- _Exercise brief_: Repeat the listing in full, word for word.

- _Data_:
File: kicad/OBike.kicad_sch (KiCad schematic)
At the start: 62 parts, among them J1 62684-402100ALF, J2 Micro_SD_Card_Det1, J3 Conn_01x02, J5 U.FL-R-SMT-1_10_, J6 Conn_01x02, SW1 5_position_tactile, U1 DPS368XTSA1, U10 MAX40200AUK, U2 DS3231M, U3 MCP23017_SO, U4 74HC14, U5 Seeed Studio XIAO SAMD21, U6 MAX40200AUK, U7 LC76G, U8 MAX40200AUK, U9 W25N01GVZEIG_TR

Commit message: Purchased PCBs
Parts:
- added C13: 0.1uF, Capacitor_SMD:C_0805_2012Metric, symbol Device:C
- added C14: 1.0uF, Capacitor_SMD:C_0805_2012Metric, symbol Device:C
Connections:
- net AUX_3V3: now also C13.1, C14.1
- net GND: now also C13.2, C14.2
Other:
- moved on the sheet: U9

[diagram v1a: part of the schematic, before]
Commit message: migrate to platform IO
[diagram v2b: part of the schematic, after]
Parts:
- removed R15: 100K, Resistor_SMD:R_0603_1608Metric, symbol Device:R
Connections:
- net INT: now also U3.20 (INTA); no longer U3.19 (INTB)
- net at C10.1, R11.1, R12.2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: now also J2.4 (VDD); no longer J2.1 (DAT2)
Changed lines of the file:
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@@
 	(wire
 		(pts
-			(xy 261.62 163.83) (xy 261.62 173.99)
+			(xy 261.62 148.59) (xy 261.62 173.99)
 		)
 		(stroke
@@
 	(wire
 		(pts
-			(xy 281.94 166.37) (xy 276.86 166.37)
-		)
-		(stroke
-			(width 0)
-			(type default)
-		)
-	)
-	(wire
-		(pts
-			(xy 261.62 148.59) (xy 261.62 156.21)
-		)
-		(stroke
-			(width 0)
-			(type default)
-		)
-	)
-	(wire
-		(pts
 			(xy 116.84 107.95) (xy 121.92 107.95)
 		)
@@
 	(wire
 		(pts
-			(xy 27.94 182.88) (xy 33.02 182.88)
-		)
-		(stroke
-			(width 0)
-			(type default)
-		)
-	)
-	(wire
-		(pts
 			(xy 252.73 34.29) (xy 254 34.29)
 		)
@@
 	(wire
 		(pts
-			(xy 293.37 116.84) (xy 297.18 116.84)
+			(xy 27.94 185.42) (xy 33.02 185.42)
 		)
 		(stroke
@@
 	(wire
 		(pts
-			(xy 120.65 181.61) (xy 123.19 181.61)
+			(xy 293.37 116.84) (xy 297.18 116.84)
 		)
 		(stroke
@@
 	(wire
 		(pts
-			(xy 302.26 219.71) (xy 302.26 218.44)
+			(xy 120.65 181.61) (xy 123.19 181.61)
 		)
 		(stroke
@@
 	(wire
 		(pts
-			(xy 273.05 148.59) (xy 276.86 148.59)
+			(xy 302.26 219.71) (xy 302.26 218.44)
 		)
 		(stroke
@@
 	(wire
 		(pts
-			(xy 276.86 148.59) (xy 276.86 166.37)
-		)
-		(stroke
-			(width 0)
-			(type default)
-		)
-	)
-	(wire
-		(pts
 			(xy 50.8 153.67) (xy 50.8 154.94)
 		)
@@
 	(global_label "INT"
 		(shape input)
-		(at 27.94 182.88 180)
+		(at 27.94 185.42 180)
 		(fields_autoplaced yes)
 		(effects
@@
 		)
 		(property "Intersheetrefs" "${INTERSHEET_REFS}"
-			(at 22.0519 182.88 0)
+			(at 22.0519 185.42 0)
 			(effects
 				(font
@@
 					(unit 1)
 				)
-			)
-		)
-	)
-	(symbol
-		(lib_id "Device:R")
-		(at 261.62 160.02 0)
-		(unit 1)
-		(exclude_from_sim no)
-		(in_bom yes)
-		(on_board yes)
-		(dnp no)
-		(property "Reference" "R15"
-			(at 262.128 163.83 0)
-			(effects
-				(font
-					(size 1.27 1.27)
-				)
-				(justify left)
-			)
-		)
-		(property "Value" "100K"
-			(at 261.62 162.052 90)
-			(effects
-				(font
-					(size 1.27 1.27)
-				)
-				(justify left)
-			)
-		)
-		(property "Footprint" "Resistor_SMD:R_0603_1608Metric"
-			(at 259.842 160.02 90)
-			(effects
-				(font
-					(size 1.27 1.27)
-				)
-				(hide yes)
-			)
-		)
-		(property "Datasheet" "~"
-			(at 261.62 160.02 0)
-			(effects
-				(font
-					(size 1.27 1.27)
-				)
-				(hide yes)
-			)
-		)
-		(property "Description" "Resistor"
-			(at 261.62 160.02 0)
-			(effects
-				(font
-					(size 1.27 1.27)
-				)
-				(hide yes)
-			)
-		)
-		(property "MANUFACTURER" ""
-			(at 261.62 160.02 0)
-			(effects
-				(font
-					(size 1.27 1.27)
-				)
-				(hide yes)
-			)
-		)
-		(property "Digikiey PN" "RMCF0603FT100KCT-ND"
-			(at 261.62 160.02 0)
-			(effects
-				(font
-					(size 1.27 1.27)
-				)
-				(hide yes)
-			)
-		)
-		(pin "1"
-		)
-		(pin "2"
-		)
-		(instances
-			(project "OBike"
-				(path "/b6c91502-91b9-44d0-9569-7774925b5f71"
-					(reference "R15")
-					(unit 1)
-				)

- _Answer section_:
File: kicad/OBike.kicad_sch (KiCad schematic)
At the start: 62 parts, among them J1 62684-402100ALF, J2 Micro_SD_Card_Det1, J3 Conn_01x02, J5 U.FL-R-SMT-1_10_, J6 Conn_01x02, SW1 5_position_tactile, U1 DPS368XTSA1, U10 MAX40200AUK, U2 DS3231M, U3 MCP23017_SO, U4 74HC14, U5 Seeed Studio XIAO SAMD21, U6 MAX40200AUK, U7 LC76G, U8 MAX40200AUK, U9 W25N01GVZEIG_TR

Commit message: Purchased PCBs
Parts:
- added C13: 0.1uF, Capacitor_SMD:C_0805_2012Metric, symbol Device:C
- added C14: 1.0uF, Capacitor_SMD:C_0805_2012Metric, symbol Device:C
Connections:
- net AUX_3V3: now also C13.1, C14.1
- net GND: now also C13.2, C14.2
Other:
- moved on the sheet: U9

[diagram v1a: part of the schematic, before]
Commit message: migrate to platform IO
[diagram v2b: part of the schematic, after]
Parts:
- removed R15: 100K, Resistor_SMD:R_0603_1608Metric, symbol Device:R
Connections:
- net INT: now also U3.20 (INTA); no longer U3.19 (INTB)
- net at C10.1, R11.1, R12.2: now also J2.4 (VDD); no longer J2.1 (DAT2)
Changed lines of the file:
@@
 	(wire
 		(pts
-			(xy 261.62 163.83) (xy 261.62 173.99)
+			(xy 261.62 148.59) (xy 261.62 173.99)
 		)
 		(stroke
@@
 	(wire
 		(pts
-			(xy 281.94 166.37) (xy 276.86 166.37)
-		)
-		(stroke
-			(width 0)
-			(type default)
-		)
-	)
-	(wire
-		(pts
-			(xy 261.62 148.59) (xy 261.62 156.21)
-		)
-		(stroke
-			(width 0)
-			(type default)
-		)
-	)
-	(wire
-		(pts
 			(xy 116.84 107.95) (xy 121.92 107.95)
 		)
@@
 	(wire
 		(pts
-			(xy 27.94 182.88) (xy 33.02 182.88)
-		)
-		(stroke
-			(width 0)
-			(type default)
-		)
-	)
-	(wire
-		(pts
 			(xy 252.73 34.29) (xy 254 34.29)
 		)
@@
 	(wire
 		(pts
-			(xy 293.37 116.84) (xy 297.18 116.84)
+			(xy 27.94 185.42) (xy 33.02 185.42)
 		)
 		(stroke
@@
 	(wire
 		(pts
-			(xy 120.65 181.61) (xy 123.19 181.61)
+			(xy 293.37 116.84) (xy 297.18 116.84)
 		)
 		(stroke
@@
 	(wire
 		(pts
-			(xy 302.26 219.71) (xy 302.26 218.44)
+			(xy 120.65 181.61) (xy 123.19 181.61)
 		)
 		(stroke
@@
 	(wire
 		(pts
-			(xy 273.05 148.59) (xy 276.86 148.59)
+			(xy 302.26 219.71) (xy 302.26 218.44)
 		)
 		(stroke
@@
 	(wire
 		(pts
-			(xy 276.86 148.59) (xy 276.86 166.37)
-		)
-		(stroke
-			(width 0)
-			(type default)
-		)
-	)
-	(wire
-		(pts
 			(xy 50.8 153.67) (xy 50.8 154.94)
 		)
@@
 	(global_label "INT"
 		(shape input)
-		(at 27.94 182.88 180)
+		(at 27.94 185.42 180)
 		(fields_autoplaced yes)
 		(effects
@@
 		)
 		(property "Intersheetrefs" "${INTERSHEET_REFS}"
-			(at 22.0519 182.88 0)
+			(at 22.0519 185.42 0)
 			(effects
 				(font
@@
 					(unit 1)
 				)
-			)
-		)
-	)
-	(symbol
-		(lib_id "Device:R")
-		(at 261.62 160.02 0)
-		(unit 1)
-		(exclude_from_sim no)
-		(in_bom yes)
-		(on_board yes)
-		(dnp no)
-		(property "Reference" "R15"
-			(at 262.128 163.83 0)
-			(effects
-				(font
-					(size 1.27 1.27)
-				)
-				(justify left)
-			)
-		)
-		(property "Value" "100K"
-			(at 261.62 162.052 90)
-			(effects
-				(font
-					(size 1.27 1.27)
-				)
-				(justify left)
-			)
-		)
-		(property "Footprint" "Resistor_SMD:R_0603_1608Metric"
-			(at 259.842 160.02 90)
-			(effects
-				(font
-					(size 1.27 1.27)
-				)
-				(hide yes)
-			)
-		)
-		(property "Datasheet" "~"
-			(at 261.62 160.02 0)
-			(effects
-				(font
-					(size 1.27 1.27)
-				)
-				(hide yes)
-			)
-		)
-		(property "Description" "Resistor"
-			(at 261.62 160.02 0)
-			(effects
-				(font
-					(size 1.27 1.27)
-				)
-				(hide yes)
-			)
-		)
-		(property "MANUFACTURER" ""
-			(at 261.62 160.02 0)
-			(effects
-				(font
-					(size 1.27 1.27)
-				)
-				(hide yes)
-			)
-		)
-		(property "Digikiey PN" "RMCF0603FT100KCT-ND"
-			(at 261.62 160.02 0)
-			(effects
-				(font
-					(size 1.27 1.27)
-				)
-				(hide yes)
-			)
-		)
-		(pin "1"
-		)
-		(pin "2"
-		)
-		(instances
-			(project "OBike"
-				(path "/b6c91502-91b9-44d0-9569-7774925b5f71"
-					(reference "R15")
-					(unit 1)
-				)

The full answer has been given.